Even so, I believe the maximum penalty under the CFAA is still 20 years on its
own. The fact that there are multiple possible charges with such
disproportionate penalties for a single underlying action just underscores the
need for systematic reform.

>There _is_ a reason to add charges though: It can make the jury more likely
to convict by helping along their sense of "splitting the difference", makes
the court of public opinion turn that much more against you, etc.

In other words there isn't a _legitimate_ reason to add charges but there are
a number of cynical and illegitimate reasons.

------
tokenadult
[Shakes his head in disgust.] Hackers, it's time for me to hack the
discussion. You and your first world problems have NO IDEA how to fight for
freedom. This is the wimpy way to protest whatever it is you are protesting.
Unlike most people who post here, I have actually lived under a dictatorial
regime that ruled a territory that later had a peaceful transition to
democracy and legally protected civil rights. Anonymous or whatever the name
of the latest Western hacktivist group is going about things all wrong.

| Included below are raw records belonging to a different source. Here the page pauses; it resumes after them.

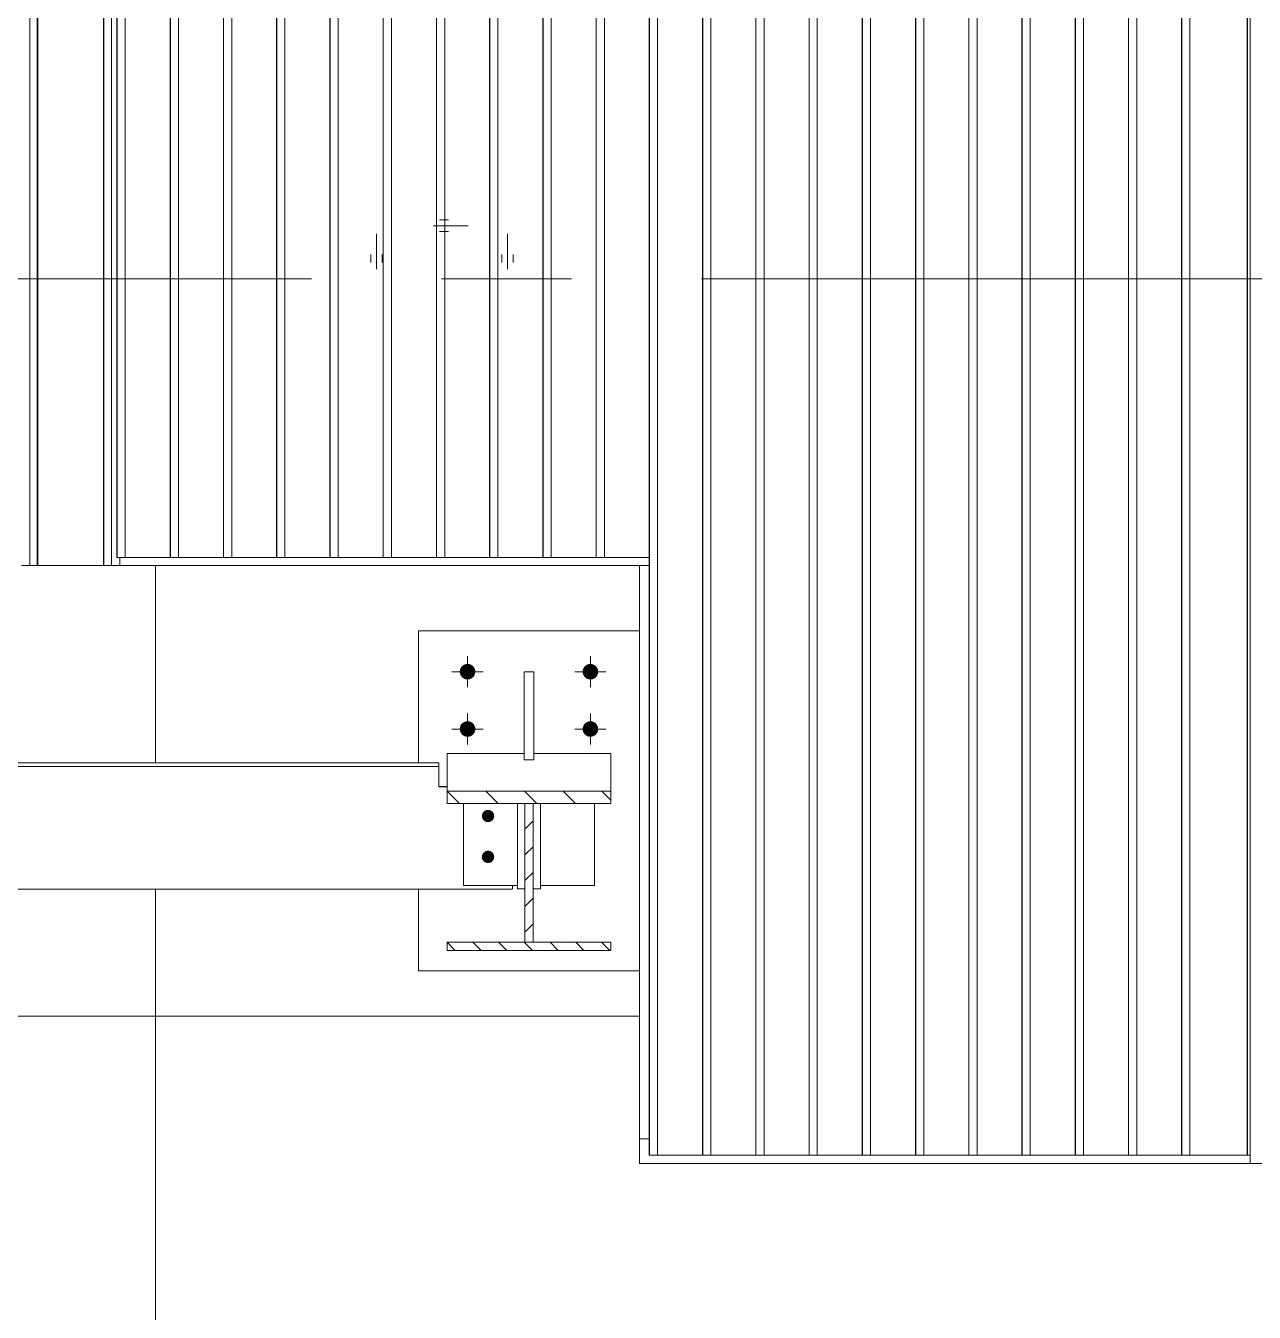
# Model space of a CAD drawing. Header units: millimetres. Extents: x -220592 to 404889, y -217665 to 38245.
# Drawn here: x -834.54 to -819.54, y -1504.52 to -1488.81 of the extents above; entities that cross this region are included whole.
import ezdxf

# ---------------------------------------------------------------- set-up
doc = ezdxf.new("R2010")
doc.units = ezdxf.units.MM
doc.linetypes.add('XKITLINE00', pattern=[0])
doc.linetypes.add('XKITLINE02', pattern=[4, 2, -2])
doc.layers.add('000 - 0_HIDE_OBJ_FRAMING_DEF_SUB_1', color=7, linetype='Continuous')
for name, color, linetype, lineweight in [('Bolt', 7, 'Continuous', 0), ('Part', 7, 'Continuous', 0), ('S-GRID', 7, 'Continuous', 0)]:
    doc.layers.add(name, color=color, linetype=linetype, lineweight=lineweight)

# ---------------------------------------------------------------- blocks, each defined once
blk = doc.blocks.new('*A3700')
at = {"layer": '000 - 0_HIDE_OBJ_FRAMING_DEF_SUB_1', "color": 7, "linetype": 'XKITLINE00', "lineweight": 0}
for p, q in [((-17.338461, -89.542099), (-17.238461, -89.442099)), ((-17.338461, -89.856408), (-17.238461, -89.756408)), ((-17.338461, -90.170717), (-17.238461, -90.070717)), ((-17.338461, -90.485026), (-17.238461, -90.385026)), ((-17.338461, -90.799335), (-17.238461, -90.699335))]:
    blk.add_line(p, q, dxfattribs=at)
blk = doc.blocks.new('*A3704')
at = {"layer": '000 - 0_HIDE_OBJ_FRAMING_DEF_SUB_1', "color": 7, "linetype": 'XKITLINE00', "lineweight": 0}
for p, q in [((-18.188461, -91.023622), (-18.288461, -90.923622)), ((-17.874152, -91.023622), (-17.974152, -90.923622)), ((-17.559843, -91.023622), (-17.659843, -90.923622)), ((-17.245534, -91.023622), (-17.345534, -90.923622)), ((-16.931225, -91.023622), (-17.031225, -90.923622)), ((-16.616917, -91.023622), (-16.716917, -90.923622)), ((-16.302608, -91.023622), (-16.402608, -90.923622))]:
    blk.add_line(p, q, dxfattribs=at)
blk = doc.blocks.new('*A3705')
at = {"layer": '000 - 0_HIDE_OBJ_FRAMING_DEF_SUB_1', "color": 7, "linetype": 'XKITLINE00', "lineweight": 0}
for p, q in [((-18.138177, -89.227856), (-18.288461, -89.077572)), ((-18.288461, -89.077572), (-18.288461, -89.077572)), ((-17.66582, -89.227856), (-17.816104, -89.077572)), ((-17.193463, -89.227856), (-17.343748, -89.077572)), ((-16.721107, -89.227856), (-16.871391, -89.077572)), ((-16.288461, -89.188145), (-16.399034, -89.077572))]:
    blk.add_line(p, q, dxfattribs=at)
blk = doc.blocks.new('*A5160')
at = {"layer": 'Part', "color": 7, "linetype": 'XKITLINE00', "lineweight": 0}
for p, q in [((-15.938502, -93.323645), (-15.819649, -93.323645)), ((-15.938502, -93.623645), (-15.938502, -93.323645)), ((-8.484438, -93.623645), (-15.938502, -93.623645)), ((-8.484438, -93.623645), (-8.484438, -93.523645))]:
    blk.add_line(p, q, dxfattribs=at)
blk = doc.blocks.new('*A5163')
at = {"layer": 'Part', "color": 7, "linetype": 'XKITLINE00', "lineweight": 0}
for p, q in [((-10.619649, -63.723645), (-10.619649, -93.523645)), ((-10.617181, -93.523645), (-10.617181, -63.723645)), ((-10.51803, -93.523645), (-10.51803, -63.723645)), ((-10.619649, -93.523645), (-9.969649, -93.523645))]:
    blk.add_line(p, q, dxfattribs=at)
blk = doc.blocks.new('*A5172')
at = {"layer": 'S-GRID', "color": 7, "linetype": 'XKITLINE00', "lineweight": 0}
for p, q in [((-27.882288, -82.823645), (-19.944788, -82.823645)), ((-18.357288, -82.823645), (-16.769788, -82.823645)), ((-15.182288, -82.823645), (-7.244788, -82.823645))]:
    blk.add_line(p, q, dxfattribs=at)
blk = doc.blocks.new('*A5187')
at = {"layer": 'Part', "color": 7, "linetype": 'XKITLINE00', "lineweight": 0}
for p, q in [((-23.384543, -82.823645), (-23.3843, -82.823645)), ((-23.384543, -85.323645), (-23.3843, -85.323645))]:
    blk.add_line(p, q, dxfattribs=at)
blk = doc.blocks.new('*A5193')
at = {"layer": '000 - 0_HIDE_OBJ_FRAMING_DEF_SUB_1', "color": 7, "linetype": 'XKITLINE00', "lineweight": 0}
for p, q in [((-21.850168, -88.731141), (-21.850168, -86.323645)), ((-21.850168, -124.823645), (-21.850168, -90.274129))]:
    blk.add_line(p, q, dxfattribs=at)
blk = doc.blocks.new('*A5200')
at = {"layer": 'Part', "color": 7, "linetype": 'XKITLINE00', "lineweight": 0}
for p, q in [((-23.384543, -82.823645), (-23.3843, -82.823645)), ((-89.758502, -91.823645), (-15.938502, -91.823645))]:
    blk.add_line(p, q, dxfattribs=at)
blk = doc.blocks.new('*A5320')
at = {"layer": 'Part', "color": 7, "linetype": 'XKITLINE00', "lineweight": 0}
for p, q in [((-23.384543, -86.323645), (-23.384543, -63.623645)), ((-23.3843, -86.323645), (-23.3843, -63.623645)), ((-23.2943, -86.323645), (-23.2943, -63.623645)), ((-23.288745, -86.323645), (-23.288745, -63.623645)), ((-23.285062, -86.323645), (-23.285062, -63.623645)), ((-23.284316, -86.323645), (-23.284316, -63.623645)), ((-22.484302, -86.323645), (-22.484302, -63.623645)), ((-22.482615, -86.323645), (-22.482615, -63.623645)), ((-22.478127, -86.323645), (-22.478127, -63.623645)), ((-22.3843, -63.623645), (-22.3843, -86.323645)), ((-23.484438, -86.323645), (-22.284324, -86.323645)), ((-23.3843, -86.323645), (-23.384543, -86.323645))]:
    blk.add_line(p, q, dxfattribs=at)
blk = doc.blocks.new('*A5321')
at = {"layer": 'Part', "color": 7, "linetype": 'XKITLINE00', "lineweight": 0}
for p, q in [((-16.469649, -63.723645), (-16.469649, -86.223645)), ((-16.467181, -86.223645), (-16.467181, -63.723645)), ((-16.36803, -86.223645), (-16.36803, -63.723645)), ((-16.469649, -86.223645), (-15.819649, -86.223645))]:
    blk.add_line(p, q, dxfattribs=at)
blk = doc.blocks.new('*A5324')
at = {"layer": 'Part', "color": 7, "linetype": 'XKITLINE00', "lineweight": 0}
for p, q in [((-11.269649, -63.723645), (-11.269649, -93.523645)), ((-11.267181, -93.523645), (-11.267181, -63.723645)), ((-11.16803, -93.523645), (-11.16803, -63.723645)), ((-11.269649, -93.523645), (-10.619649, -93.523645))]:
    blk.add_line(p, q, dxfattribs=at)
blk = doc.blocks.new('*A5325')
at = {"layer": 'Part', "color": 7, "linetype": 'XKITLINE00', "lineweight": 0}
for p, q in [((-11.919649, -63.723645), (-11.919649, -93.523645)), ((-11.917181, -93.523645), (-11.917181, -63.723645)), ((-11.81803, -93.523645), (-11.81803, -63.723645)), ((-11.919649, -93.523645), (-11.269649, -93.523645))]:
    blk.add_line(p, q, dxfattribs=at)
blk = doc.blocks.new('*A5326')
at = {"layer": 'Part', "color": 7, "linetype": 'XKITLINE00', "lineweight": 0}
for p, q in [((-12.569649, -63.723645), (-12.569649, -93.523645)), ((-12.567181, -93.523645), (-12.567181, -63.723645)), ((-12.46803, -93.523645), (-12.46803, -63.723645)), ((-12.569649, -93.523645), (-11.919649, -93.523645))]:
    blk.add_line(p, q, dxfattribs=at)
blk = doc.blocks.new('*A5327')
at = {"layer": 'Part', "color": 7, "linetype": 'XKITLINE00', "lineweight": 0}
for p, q in [((-13.219649, -63.723645), (-13.219649, -93.523645)), ((-13.217181, -93.523645), (-13.217181, -63.723645)), ((-13.11803, -93.523645), (-13.11803, -63.723645)), ((-13.219649, -93.523645), (-12.569649, -93.523645))]:
    blk.add_line(p, q, dxfattribs=at)
blk = doc.blocks.new('*A5328')
at = {"layer": 'Part', "color": 7, "linetype": 'XKITLINE00', "lineweight": 0}
for p, q in [((-13.869649, -63.723645), (-13.869649, -93.523645)), ((-13.867181, -93.523645), (-13.867181, -63.723645)), ((-13.76803, -93.523645), (-13.76803, -63.723645)), ((-13.869649, -93.523645), (-13.219649, -93.523645))]:
    blk.add_line(p, q, dxfattribs=at)
blk = doc.blocks.new('*A5329')
at = {"layer": 'Part', "color": 7, "linetype": 'XKITLINE00', "lineweight": 0}
for p, q in [((-14.519649, -63.723645), (-14.519649, -93.523645)), ((-14.517181, -93.523645), (-14.517181, -63.723645)), ((-14.41803, -93.523645), (-14.41803, -63.723645)), ((-14.519649, -93.523645), (-13.869649, -93.523645))]:
    blk.add_line(p, q, dxfattribs=at)
blk = doc.blocks.new('*A5330')
at = {"layer": 'Part', "color": 7, "linetype": 'XKITLINE00', "lineweight": 0}
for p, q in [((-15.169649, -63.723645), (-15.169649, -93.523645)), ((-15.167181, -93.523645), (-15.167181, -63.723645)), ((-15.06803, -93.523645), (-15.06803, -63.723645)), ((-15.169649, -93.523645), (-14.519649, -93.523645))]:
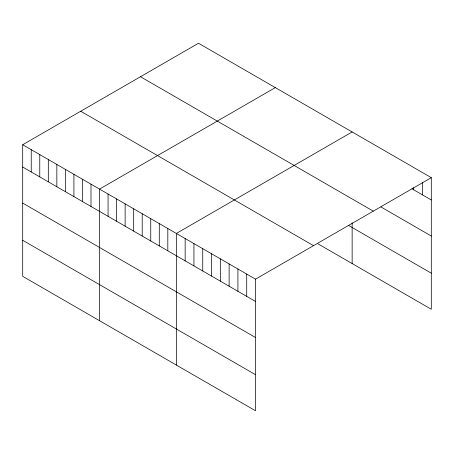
<?xml version="1.0" encoding="UTF-8"?>
<svg xmlns="http://www.w3.org/2000/svg" width="454" height="454" viewBox="0 0 454 454"><rect width="100%" height="100%" fill="white"/><g stroke="black" fill="none" stroke-linecap="round" stroke-linejoin="round"><path stroke-width="0.68" d="M22.7 144.735L255.506 279.148L255.506 410.756L22.7 276.344L22.7 144.735L198.494 43.244L431.3 177.656L431.3 309.265L317.999 243.849M275.317 87.599L99.528 189.091L99.528 320.7M352.145 131.955L176.351 233.447L176.351 365.056M255.506 279.148L431.3 177.656M411.948 188.785L431.3 199.959M380.878 206.916L431.3 236.029M140.479 76.737L373.29 211.15M348.485 225.383L431.3 273.195M80.71 111.241L313.521 245.654M22.7 167.038L255.506 301.45M22.7 203.108L255.506 337.521M22.7 240.274L255.506 374.686M422.504 182.332L422.504 194.879M413.707 187.712L413.707 189.8M352.145 222.846L352.145 263.564M246.715 274.068L246.715 296.371M237.919 268.989L237.919 291.292M229.122 263.916L229.122 286.213M220.326 258.837L220.326 281.139M211.536 253.758L211.536 276.06M202.739 248.678L202.739 270.981M193.943 243.605L193.943 265.902M185.147 238.526L185.147 260.829M167.815 228.521L167.815 250.824M159.28 223.589L159.28 245.892M150.745 218.663L150.745 240.966M142.21 213.732L142.21 236.035M133.675 208.806L133.675 231.109M125.134 203.88L125.134 226.177M116.599 198.948L116.599 221.251M108.063 194.023L108.063 216.32M90.993 184.165L90.993 206.468M82.452 179.234L82.452 201.536M73.917 174.308L73.917 196.61M65.382 169.376L65.382 191.679M56.846 164.45L56.846 186.753M48.311 159.524L48.311 181.821M39.77 154.593L39.77 176.895M31.235 149.667L31.235 171.97"/></g></svg>

If you really want to learn about effective popular action to bring about more
freedom, point your Web browser to the Albert Einstein Institute publications

<http://www.aeinstein.org/organizationsde07.html>

and choose your language for titles like _From Dictatorship to Democracy_ and
_The Role of Power in Nonviolent Struggle_ and others. Note that the main
author of these publications has consulted with freedom movements all over the
world and has had notable success in the Philippines, Thailand, Burma, and
other countries, and is credited with much of the mobilization of the two-
year-old Arab Spring movement.

Going after the United States Sentencing Commission website is beyond stupid.
The federal sentencing guidelines were a helpful reform. Before they were
adopted, on the example of Minnesota's sentencing guidelines, federal
sentences were just about wholly indeterminate, making each judge could make
up his or her own law of sentencing at trial. The Minnesota reform, which was
the example for the federal reform, set up guidelines based on a "severity
score" of the offense--so that for the first time legislative statutes from
many different decades were compared as to the actual social harm resulting
from each offense, based on community standards as of the time of the reform--
and on a "criminal history score" of the offender, so that prison time was
reserved only for the most dangerous repeat offenders. (Minnesota imprisons
fewer convicted criminals than most states of the United States, being much
like Scandinavia in this regard. Minnesota spends more dollars per prisoner
but fewer dollars per taxpayer on its prison system than almost any other
state.)

I know actual freedom fighters, that is publishers of opposition magazines and
organizers of nonviolent protests, from Taiwan. Some of them experienced hard
prison time while in the struggle for freedom, with family break up and ill
health and the other consequences of imprisonment. But today they can look at
a much freer country in their homeland than they grew up in. The biggest
problem with website-defacing movements is their cowardice (no one in
Anonymous seems courageous enough to go to prison) and lack of perspective
(they complain about first world problems that they mischaracterize as
important problems for the common people). It's time for the discussion on
Hacker News to grow up and make more room for the real freedom fighters.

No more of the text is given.